The women I interviewed described remarkably similar stories of adjustment to the news of their child’s disability; familiar stories of disappointment and compromised dreams, gradually replaced by hopefulness and a realization that life continues “normally” and “ordinarily”.  The salience of the label of Down syndrome was greatly reduced or as one woman said “You don’t wake up every morning thinking “Oh my God, he’s got Down syndrome”.

“He must have only been hours old and I remember looking at him and thinking and it broke my heart and I thought to myself no-one’s ever going to fall in love with him ... What a ridiculous thought, ‘cause I had”.

Many mothers had vivid recollections of their early fears.  It is likely that these fears are similar to those experienced by women receiving a positive diagnosis prenatally.

“I knew immediately I had to arrange a termination.  Looking at my son, he’s my main reason...He needs my attention.  He doesn’t need a little sister who’s going to be a vegetable for the rest of her life”. (Woman explaining her decision to terminate a pregnancy following a diagnosis of Down syndrome. The Australian Magazine, January 20-21, 1996).

From their present standpoint, the participants described their initial expectations as foolish, rooted in ignorance and based on a skewed expectation that their life would be irrevocably changed in negative ways.

“I mean life is completely different having a Down’s kid...but it’s full of so much fun and joy that it’s...it’s just different”.

Is women’s reproductive autonomy enhanced by prenatal testing?

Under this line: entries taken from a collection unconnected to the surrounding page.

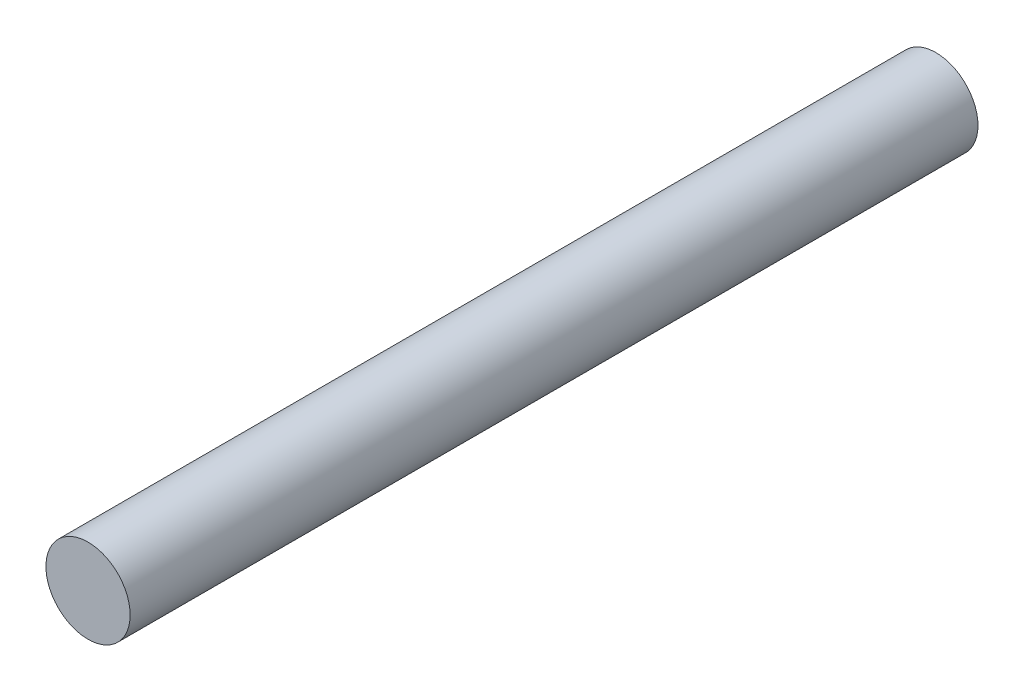
SolidWorks part; units mm, degrees
ref_plane "Front Plane" through (0, 0, 0) normal (0, 0, 1) x (1, 0, 0)
ref_plane "Top Plane" through (0, 0, 0) normal (0, 1, 0) x (1, 0, 0)
ref_plane "Right Plane" through (0, 0, 0) normal (1, 0, 0) x (0, 0, -1)
sketch "Sketch1" plane through (0, 0, 0) normal (0, 0, 1) x (1, 0, 0)
  circle A0 centre (0, 0) radius 3.725
  dimension "D1" = 7.45
extrude "Boss-Extrude1" add sketch "Sketch1" along normal blind 75

Routine testing can be difficult to decline and so can diminish (rather than enhance) autonomous choice.  Many feminists have critiqued prenatal testing on the grounds that prenatal testing regimes contribute to the medicalisation of pregnancy and actually diminish women’s control over their own bodies.  Additionally many have recognized that decision-making often occurs without adequate knowledge of the purpose of the testing or about the conditions for which testing is conducted (Ginsburg and Rapp 1999).  Two women who had amniocentesis following ultrasound findings were not told the miscarriage risk of the procedure.  Sally related that the test was described as absolutely standard and presented as no more serious than having a urine test, “Why wouldn’t you want it?”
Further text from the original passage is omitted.